* Records from a collection:
************
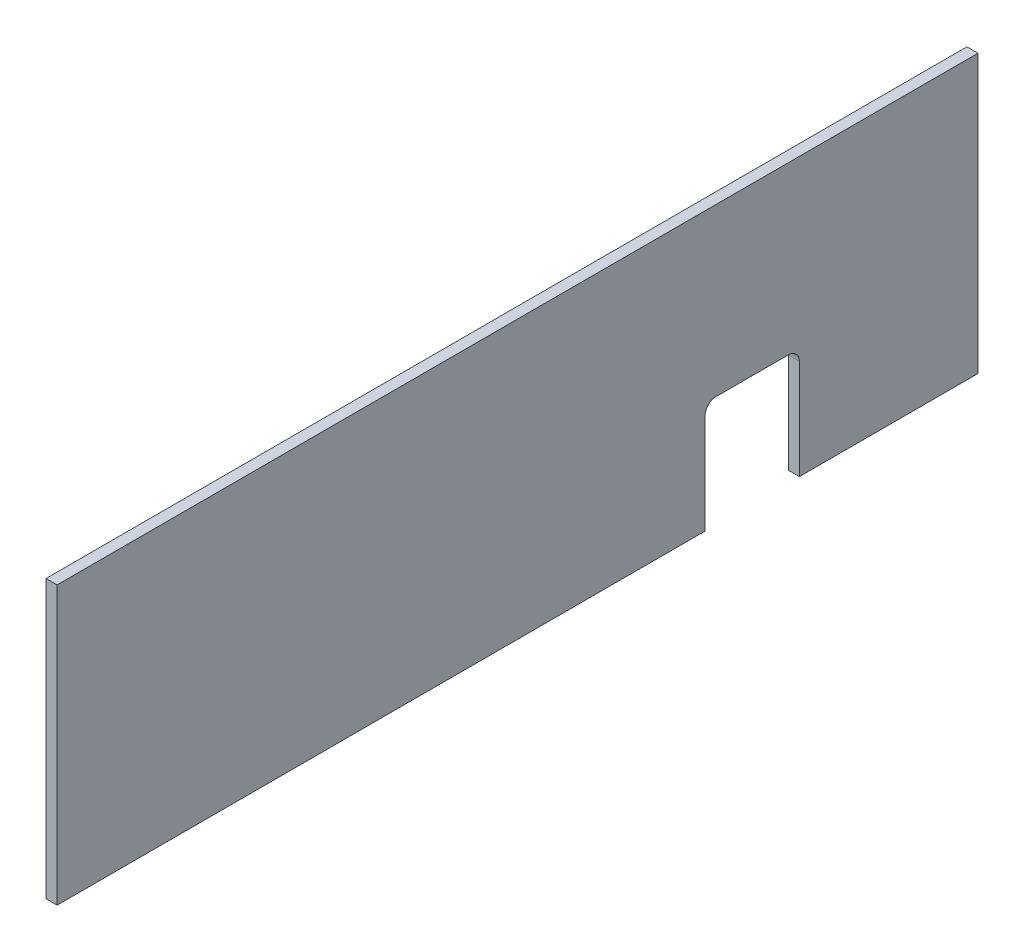
ISO-10303-21;
HEADER;
FILE_DESCRIPTION(('STEP AP214'),'2;1');
FILE_NAME('part.step','',(''),(''),'','','');
FILE_SCHEMA(('AUTOMOTIVE_DESIGN { 1 0 10303 214 1 1 1 1 }'));
ENDSEC;
DATA;
#1=APPLICATION_CONTEXT('core data for automotive mechanical design processes');
#2=APPLICATION_PROTOCOL_DEFINITION('international standard','automotive_design',2000,#1);
#3=PRODUCT_CONTEXT('',#1,'mechanical');
#4=PRODUCT('Part','Part','',(#3));
#5=PRODUCT_RELATED_PRODUCT_CATEGORY('part','',(#4));
#6=PRODUCT_DEFINITION_FORMATION('','',#4);
#7=PRODUCT_DEFINITION_CONTEXT('part definition',#1,'design');
#8=PRODUCT_DEFINITION('design','',#6,#7);
#9=PRODUCT_DEFINITION_SHAPE('','',#8);
#10=(LENGTH_UNIT() NAMED_UNIT(*) SI_UNIT(.MILLI.,.METRE.));
#11=(NAMED_UNIT(*) PLANE_ANGLE_UNIT() SI_UNIT($,.RADIAN.));
#12=(NAMED_UNIT(*) SI_UNIT($,.STERADIAN.) SOLID_ANGLE_UNIT());
#13=UNCERTAINTY_MEASURE_WITH_UNIT(LENGTH_MEASURE(1.E-05),#10,'distance_accuracy_value','');
#14=(GEOMETRIC_REPRESENTATION_CONTEXT(3) GLOBAL_UNCERTAINTY_ASSIGNED_CONTEXT((#13)) GLOBAL_UNIT_ASSIGNED_CONTEXT((#10,
#11,#12)) REPRESENTATION_CONTEXT('',''));
#15=CARTESIAN_POINT('',(0.,0.,0.));
#16=DIRECTION('',(0.,0.,1.));
#17=DIRECTION('',(1.,0.,0.));
#18=AXIS2_PLACEMENT_3D('',#15,#16,#17);
#19=CARTESIAN_POINT('',(1.,0.,-25.4));
#20=DIRECTION('',(0.,0.,1.));
#21=DIRECTION('',(1.,0.,0.));
#22=AXIS2_PLACEMENT_3D('',#19,#20,#21);
#23=PLANE('',#22);
#24=DIRECTION('',(0.,1.,0.));
#25=VECTOR('',#24,1.);
#26=CARTESIAN_POINT('',(1.,0.,-25.4));
#27=LINE('',#26,#25);
#28=CARTESIAN_POINT('',(1.,-12.5,-25.4));
#29=VERTEX_POINT('',#28);
#30=CARTESIAN_POINT('',(1.,-3.5,-25.4));
#31=VERTEX_POINT('',#30);
#32=EDGE_CURVE('E111',#29,#31,#27,.T.);
#33=ORIENTED_EDGE('',*,*,#32,.T.);
#34=DIRECTION('',(-1.,0.,0.));
#35=VECTOR('',#34,1.);
#36=CARTESIAN_POINT('',(1.,-3.5,-25.4));
#37=LINE('',#36,#35);
#38=CARTESIAN_POINT('',(0.,-3.5,-25.4));
#39=VERTEX_POINT('',#38);
#40=EDGE_CURVE('E177',#31,#39,#37,.T.);
#41=ORIENTED_EDGE('',*,*,#40,.T.);
#42=DIRECTION('',(0.,1.,0.));
#43=VECTOR('',#42,1.);
#44=CARTESIAN_POINT('',(0.,0.,-25.4));
#45=LINE('',#44,#43);
#46=CARTESIAN_POINT('',(0.,-12.5,-25.4));
#47=VERTEX_POINT('',#46);
#48=EDGE_CURVE('E113',#47,#39,#45,.T.);
#49=ORIENTED_EDGE('',*,*,#48,.F.);
#50=DIRECTION('',(-1.,0.,0.));
#51=VECTOR('',#50,1.);
#52=CARTESIAN_POINT('',(1.,-12.5,-25.4));
#53=LINE('',#52,#51);
#54=EDGE_CURVE('E109',#29,#47,#53,.T.);
#55=ORIENTED_EDGE('',*,*,#54,.F.);
#56=EDGE_LOOP('',(#33,#41,#49,#55));
#57=FACE_BOUND('',#56,.T.);
#58=ADVANCED_FACE('F33',(#57),#23,.T.);
#59=CARTESIAN_POINT('',(1.,-12.5,0.));
#60=DIRECTION('',(0.,1.,0.));
#61=DIRECTION('',(0.,0.,1.));
#62=AXIS2_PLACEMENT_3D('',#59,#60,#61);
#63=PLANE('',#62);
#64=DIRECTION('',(0.,0.,-1.));
#65=VECTOR('',#64,1.);
#66=CARTESIAN_POINT('',(0.,-12.5,0.));
#67=LINE('',#66,#65);
#68=CARTESIAN_POINT('',(0.,-12.5,-41.5));
#69=VERTEX_POINT('',#68);
#70=EDGE_CURVE('E148',#47,#69,#67,.T.);
#71=ORIENTED_EDGE('',*,*,#70,.T.);
#72=DIRECTION('',(-1.,0.,0.));
#73=VECTOR('',#72,1.);
#74=CARTESIAN_POINT('',(1.,-12.5,-41.5));
#75=LINE('',#74,#73);
#76=CARTESIAN_POINT('',(1.,-12.5,-41.5));
#77=VERTEX_POINT('',#76);
#78=EDGE_CURVE('E117',#77,#69,#75,.T.);
#79=ORIENTED_EDGE('',*,*,#78,.F.);
#80=DIRECTION('',(0.,0.,-1.));
#81=VECTOR('',#80,1.);
#82=CARTESIAN_POINT('',(1.,-12.5,0.));
#83=LINE('',#82,#81);
#84=EDGE_CURVE('E120',#29,#77,#83,.T.);
#85=ORIENTED_EDGE('',*,*,#84,.F.);
#86=ORIENTED_EDGE('',*,*,#54,.T.);
#87=EDGE_LOOP('',(#71,#79,#85,#86));
#88=FACE_BOUND('',#87,.T.);
#89=ADVANCED_FACE('F121',(#88),#63,.F.);
#90=CARTESIAN_POINT('',(1.,0.,-41.5));
#91=DIRECTION('',(0.,0.,1.));
#92=DIRECTION('',(1.,0.,0.));
#93=AXIS2_PLACEMENT_3D('',#90,#91,#92);
#94=PLANE('',#93);
#95=DIRECTION('',(0.,1.,0.));
#96=VECTOR('',#95,1.);
#97=CARTESIAN_POINT('',(0.,0.,-41.5));
#98=LINE('',#97,#96);
#99=CARTESIAN_POINT('',(0.,12.5,-41.5));
#100=VERTEX_POINT('',#99);
#101=EDGE_CURVE('E150',#69,#100,#98,.T.);
#102=ORIENTED_EDGE('',*,*,#101,.T.);
#103=DIRECTION('',(-1.,0.,0.));
#104=VECTOR('',#103,1.);
#105=CARTESIAN_POINT('',(1.,12.5,-41.5));
#106=LINE('',#105,#104);
#107=CARTESIAN_POINT('',(1.,12.5,-41.5));
#108=VERTEX_POINT('',#107);
#109=EDGE_CURVE('E168',#108,#100,#106,.T.);
#110=ORIENTED_EDGE('',*,*,#109,.F.);
#111=DIRECTION('',(0.,1.,0.));
#112=VECTOR('',#111,1.);
#113=CARTESIAN_POINT('',(1.,0.,-41.5));
#114=LINE('',#113,#112);
#115=EDGE_CURVE('E124',#77,#108,#114,.T.);
#116=ORIENTED_EDGE('',*,*,#115,.F.);
#117=ORIENTED_EDGE('',*,*,#78,.T.);
#118=EDGE_LOOP('',(#102,#110,#116,#117));
#119=FACE_BOUND('',#118,.T.);
#120=ADVANCED_FACE('F202',(#119),#94,.F.);
#121=CARTESIAN_POINT('',(1.,12.5,0.));
#122=DIRECTION('',(0.,1.,0.));
#123=DIRECTION('',(0.,0.,1.));
#124=AXIS2_PLACEMENT_3D('',#121,#122,#123);
#125=PLANE('',#124);
#126=DIRECTION('',(0.,0.,-1.));
#127=VECTOR('',#126,1.);
#128=CARTESIAN_POINT('',(0.,12.5,0.));
#129=LINE('',#128,#127);
#130=CARTESIAN_POINT('',(0.,12.5,41.5));
#131=VERTEX_POINT('',#130);
#132=EDGE_CURVE('E154',#131,#100,#129,.T.);
#133=ORIENTED_EDGE('',*,*,#132,.F.);
#134=DIRECTION('',(-1.,0.,0.));
#135=VECTOR('',#134,1.);
#136=CARTESIAN_POINT('',(1.,12.5,41.5));
#137=LINE('',#136,#135);
#138=CARTESIAN_POINT('',(1.,12.5,41.5));
#139=VERTEX_POINT('',#138);
#140=EDGE_CURVE('E166',#139,#131,#137,.T.);
#141=ORIENTED_EDGE('',*,*,#140,.F.);
#142=DIRECTION('',(0.,0.,-1.));
#143=VECTOR('',#142,1.);
#144=CARTESIAN_POINT('',(1.,12.5,0.));
#145=LINE('',#144,#143);
#146=EDGE_CURVE('E135',#139,#108,#145,.T.);
#147=ORIENTED_EDGE('',*,*,#146,.T.);
#148=ORIENTED_EDGE('',*,*,#109,.T.);
#149=EDGE_LOOP('',(#133,#141,#147,#148));
#150=FACE_BOUND('',#149,.T.);
#151=ADVANCED_FACE('F208',(#150),#125,.T.);
#152=CARTESIAN_POINT('',(1.,0.,41.5));
#153=DIRECTION('',(0.,0.,1.));
#154=DIRECTION('',(1.,0.,0.));
#155=AXIS2_PLACEMENT_3D('',#152,#153,#154);
#156=PLANE('',#155);
#157=DIRECTION('',(0.,1.,0.));
#158=VECTOR('',#157,1.);
#159=CARTESIAN_POINT('',(0.,0.,41.5));
#160=LINE('',#159,#158);
#161=CARTESIAN_POINT('',(0.,-12.5,41.5));
#162=VERTEX_POINT('',#161);
#163=EDGE_CURVE('E157',#162,#131,#160,.T.);
#164=ORIENTED_EDGE('',*,*,#163,.F.);
#165=DIRECTION('',(-1.,0.,0.));
#166=VECTOR('',#165,1.);
#167=CARTESIAN_POINT('',(1.,-12.5,41.5));
#168=LINE('',#167,#166);
#169=CARTESIAN_POINT('',(1.,-12.5,41.5));
#170=VERTEX_POINT('',#169);
#171=EDGE_CURVE('E164',#170,#162,#168,.T.);
#172=ORIENTED_EDGE('',*,*,#171,.F.);
#173=DIRECTION('',(0.,1.,0.));
#174=VECTOR('',#173,1.);
#175=CARTESIAN_POINT('',(1.,0.,41.5));
#176=LINE('',#175,#174);
#177=EDGE_CURVE('E138',#170,#139,#176,.T.);
#178=ORIENTED_EDGE('',*,*,#177,.T.);
#179=ORIENTED_EDGE('',*,*,#140,.T.);
#180=EDGE_LOOP('',(#164,#172,#178,#179));
#181=FACE_BOUND('',#180,.T.);
#182=ADVANCED_FACE('F212',(#181),#156,.T.);
#183=CARTESIAN_POINT('',(0.,-12.5,-16.9));
#184=VERTEX_POINT('',#183);
#185=EDGE_CURVE('E151',#162,#184,#67,.T.);
#186=ORIENTED_EDGE('',*,*,#185,.T.);
#187=DIRECTION('',(-1.,0.,0.));
#188=VECTOR('',#187,1.);
#189=CARTESIAN_POINT('',(1.,-12.5,-16.9));
#190=LINE('',#189,#188);
#191=CARTESIAN_POINT('',(1.,-12.5,-16.9));
#192=VERTEX_POINT('',#191);
#193=EDGE_CURVE('E146',#192,#184,#190,.T.);
#194=ORIENTED_EDGE('',*,*,#193,.F.);
#195=EDGE_CURVE('E126',#170,#192,#83,.T.);
#196=ORIENTED_EDGE('',*,*,#195,.F.);
#197=ORIENTED_EDGE('',*,*,#171,.T.);
#198=EDGE_LOOP('',(#186,#194,#196,#197));
#199=FACE_BOUND('',#198,.T.);
#200=ADVANCED_FACE('F204',(#199),#63,.F.);
#201=CARTESIAN_POINT('',(1.,0.,-16.9));
#202=DIRECTION('',(0.,0.,1.));
#203=DIRECTION('',(1.,0.,0.));
#204=AXIS2_PLACEMENT_3D('',#201,#202,#203);
#205=PLANE('',#204);
#206=DIRECTION('',(0.,1.,0.));
#207=VECTOR('',#206,1.);
#208=CARTESIAN_POINT('',(0.,0.,-16.9));
#209=LINE('',#208,#207);
#210=CARTESIAN_POINT('',(0.,-3.5,-16.9));
#211=VERTEX_POINT('',#210);
#212=EDGE_CURVE('E131',#184,#211,#209,.T.);
#213=ORIENTED_EDGE('',*,*,#212,.T.);
#214=DIRECTION('',(-1.,0.,0.));
#215=VECTOR('',#214,1.);
#216=CARTESIAN_POINT('',(1.,-3.5,-16.9));
#217=LINE('',#216,#215);
#218=CARTESIAN_POINT('',(1.,-3.5,-16.9));
#219=VERTEX_POINT('',#218);
#220=EDGE_CURVE('E175',#211,#219,#217,.F.);
#221=ORIENTED_EDGE('',*,*,#220,.T.);
#222=DIRECTION('',(0.,1.,0.));
#223=VECTOR('',#222,1.);
#224=CARTESIAN_POINT('',(1.,0.,-16.9));
#225=LINE('',#224,#223);
#226=EDGE_CURVE('E141',#192,#219,#225,.T.);
#227=ORIENTED_EDGE('',*,*,#226,.F.);
#228=ORIENTED_EDGE('',*,*,#193,.T.);
#229=EDGE_LOOP('',(#213,#221,#227,#228));
#230=FACE_BOUND('',#229,.T.);
#231=ADVANCED_FACE('F218',(#230),#205,.F.);
#232=CARTESIAN_POINT('',(1.,-2.5,0.));
#233=DIRECTION('',(0.,1.,0.));
#234=DIRECTION('',(0.,0.,1.));
#235=AXIS2_PLACEMENT_3D('',#232,#233,#234);
#236=PLANE('',#235);
#237=DIRECTION('',(0.,0.,-1.));
#238=VECTOR('',#237,1.);
#239=CARTESIAN_POINT('',(1.,-2.5,0.));
#240=LINE('',#239,#238);
#241=CARTESIAN_POINT('',(1.,-2.5,-17.9));
#242=VERTEX_POINT('',#241);
#243=CARTESIAN_POINT('',(1.,-2.5,-24.4));
#244=VERTEX_POINT('',#243);
#245=EDGE_CURVE('E144',#242,#244,#240,.T.);
#246=ORIENTED_EDGE('',*,*,#245,.F.);
#247=DIRECTION('',(-1.,0.,0.));
#248=VECTOR('',#247,1.);
#249=CARTESIAN_POINT('',(0.,-2.5,-17.9));
#250=LINE('',#249,#248);
#251=CARTESIAN_POINT('',(0.,-2.5,-17.9));
#252=VERTEX_POINT('',#251);
#253=EDGE_CURVE('E172',#242,#252,#250,.T.);
#254=ORIENTED_EDGE('',*,*,#253,.T.);
#255=DIRECTION('',(0.,0.,-1.));
#256=VECTOR('',#255,1.);
#257=CARTESIAN_POINT('',(0.,-2.5,0.));
#258=LINE('',#257,#256);
#259=CARTESIAN_POINT('',(0.,-2.5,-24.4));
#260=VERTEX_POINT('',#259);
#261=EDGE_CURVE('E128',#252,#260,#258,.T.);
#262=ORIENTED_EDGE('',*,*,#261,.T.);
#263=DIRECTION('',(-1.,0.,0.));
#264=VECTOR('',#263,1.);
#265=CARTESIAN_POINT('',(1.,-2.5,-24.4));
#266=LINE('',#265,#264);
#267=EDGE_CURVE('E116',#260,#244,#266,.F.);
#268=ORIENTED_EDGE('',*,*,#267,.T.);
#269=EDGE_LOOP('',(#246,#254,#262,#268));
#270=FACE_BOUND('',#269,.T.);
#271=ADVANCED_FACE('F187',(#270),#236,.F.);
#272=CARTESIAN_POINT('',(1.,0.,0.));
#273=DIRECTION('',(1.,0.,0.));
#274=DIRECTION('',(0.,0.,-1.));
#275=AXIS2_PLACEMENT_3D('',#272,#273,#274);
#276=PLANE('',#275);
#277=ORIENTED_EDGE('',*,*,#32,.F.);
#278=ORIENTED_EDGE('',*,*,#84,.T.);
#279=ORIENTED_EDGE('',*,*,#115,.T.);
#280=ORIENTED_EDGE('',*,*,#146,.F.);
#281=ORIENTED_EDGE('',*,*,#177,.F.);
#282=ORIENTED_EDGE('',*,*,#195,.T.);
#283=ORIENTED_EDGE('',*,*,#226,.T.);
#284=CARTESIAN_POINT('',(1.,-3.5,-17.9));
#285=DIRECTION('',(1.,0.,0.));
#286=DIRECTION('',(0.,0.,-1.));
#287=AXIS2_PLACEMENT_3D('',#284,#285,#286);
#288=CIRCLE('',#287,1.);
#289=EDGE_CURVE('E181',#219,#242,#288,.F.);
#290=ORIENTED_EDGE('',*,*,#289,.T.);
#291=ORIENTED_EDGE('',*,*,#245,.T.);
#292=CARTESIAN_POINT('',(1.,-3.5,-24.4));
#293=DIRECTION('',(1.,0.,0.));
#294=DIRECTION('',(0.,0.,-1.));
#295=AXIS2_PLACEMENT_3D('',#292,#293,#294);
#296=CIRCLE('',#295,1.);
#297=EDGE_CURVE('E11',#244,#31,#296,.F.);
#298=ORIENTED_EDGE('',*,*,#297,.T.);
#299=EDGE_LOOP('',(#277,#278,#279,#280,#281,#282,#283,#290,#291,#298));
#300=FACE_BOUND('',#299,.T.);
#301=ADVANCED_FACE('F127',(#300),#276,.T.);
#302=CARTESIAN_POINT('',(0.,0.,0.));
#303=DIRECTION('',(1.,0.,0.));
#304=DIRECTION('',(0.,0.,-1.));
#305=AXIS2_PLACEMENT_3D('',#302,#303,#304);
#306=PLANE('',#305);
#307=ORIENTED_EDGE('',*,*,#48,.T.);
#308=CARTESIAN_POINT('',(0.,-3.5,-24.4));
#309=DIRECTION('',(1.,0.,0.));
#310=DIRECTION('',(0.,0.,-1.));
#311=AXIS2_PLACEMENT_3D('',#308,#309,#310);
#312=CIRCLE('',#311,1.);
#313=EDGE_CURVE('E41',#39,#260,#312,.T.);
#314=ORIENTED_EDGE('',*,*,#313,.T.);
#315=ORIENTED_EDGE('',*,*,#261,.F.);
#316=CARTESIAN_POINT('',(0.,-3.5,-17.9));
#317=DIRECTION('',(1.,0.,0.));
#318=DIRECTION('',(0.,0.,-1.));
#319=AXIS2_PLACEMENT_3D('',#316,#317,#318);
#320=CIRCLE('',#319,1.);
#321=EDGE_CURVE('E179',#252,#211,#320,.T.);
#322=ORIENTED_EDGE('',*,*,#321,.T.);
#323=ORIENTED_EDGE('',*,*,#212,.F.);
#324=ORIENTED_EDGE('',*,*,#185,.F.);
#325=ORIENTED_EDGE('',*,*,#163,.T.);
#326=ORIENTED_EDGE('',*,*,#132,.T.);
#327=ORIENTED_EDGE('',*,*,#101,.F.);
#328=ORIENTED_EDGE('',*,*,#70,.F.);
#329=EDGE_LOOP('',(#307,#314,#315,#322,#323,#324,#325,#326,#327,#328));
#330=FACE_BOUND('',#329,.T.);
#331=ADVANCED_FACE('F184',(#330),#306,.F.);
#332=CARTESIAN_POINT('',(1.,-3.5,-17.9));
#333=DIRECTION('',(1.,0.,0.));
#334=DIRECTION('',(0.,0.,-1.));
#335=AXIS2_PLACEMENT_3D('',#332,#333,#334);
#336=CYLINDRICAL_SURFACE('',#335,1.);
#337=ORIENTED_EDGE('',*,*,#289,.F.);
#338=ORIENTED_EDGE('',*,*,#220,.F.);
#339=ORIENTED_EDGE('',*,*,#321,.F.);
#340=ORIENTED_EDGE('',*,*,#253,.F.);
#341=EDGE_LOOP('',(#337,#338,#339,#340));
#342=FACE_BOUND('',#341,.T.);
#343=ADVANCED_FACE('F190',(#342),#336,.F.);
#344=CARTESIAN_POINT('',(1.,-3.5,-24.4));
#345=DIRECTION('',(-1.,0.,0.));
#346=DIRECTION('',(0.,0.,1.));
#347=AXIS2_PLACEMENT_3D('',#344,#345,#346);
#348=CYLINDRICAL_SURFACE('',#347,1.);
#349=ORIENTED_EDGE('',*,*,#297,.F.);
#350=ORIENTED_EDGE('',*,*,#267,.F.);
#351=ORIENTED_EDGE('',*,*,#313,.F.);
#352=ORIENTED_EDGE('',*,*,#40,.F.);
#353=EDGE_LOOP('',(#349,#350,#351,#352));
#354=FACE_BOUND('',#353,.T.);
#355=ADVANCED_FACE('F35',(#354),#348,.F.);
#356=CLOSED_SHELL('',(#58,#89,#120,#151,#182,#200,#231,#271,#301,#331,#343,#355));
#357=MANIFOLD_SOLID_BREP('B2',#356);
#358=ADVANCED_BREP_SHAPE_REPRESENTATION('',(#18,#357),#14);
#359=SHAPE_DEFINITION_REPRESENTATION(#9,#358);
ENDSEC;
END-ISO-10303-21;
************
* Exercise directions: Take exactly the lines from the one containing "#148=ORIENTED_EDGE('',*,*,#109,.T.);" through the one containing "#153=DIRECTION('',(0.,0.,1.));" in the data above, and output them with nothing added.

* Response box:
#148=ORIENTED_EDGE('',*,*,#109,.T.);
#149=EDGE_LOOP('',(#133,#141,#147,#148));
#150=FACE_BOUND('',#149,.T.);
#151=ADVANCED_FACE('F208',(#150),#125,.T.);
#152=CARTESIAN_POINT('',(1.,0.,41.5));
#153=DIRECTION('',(0.,0.,1.));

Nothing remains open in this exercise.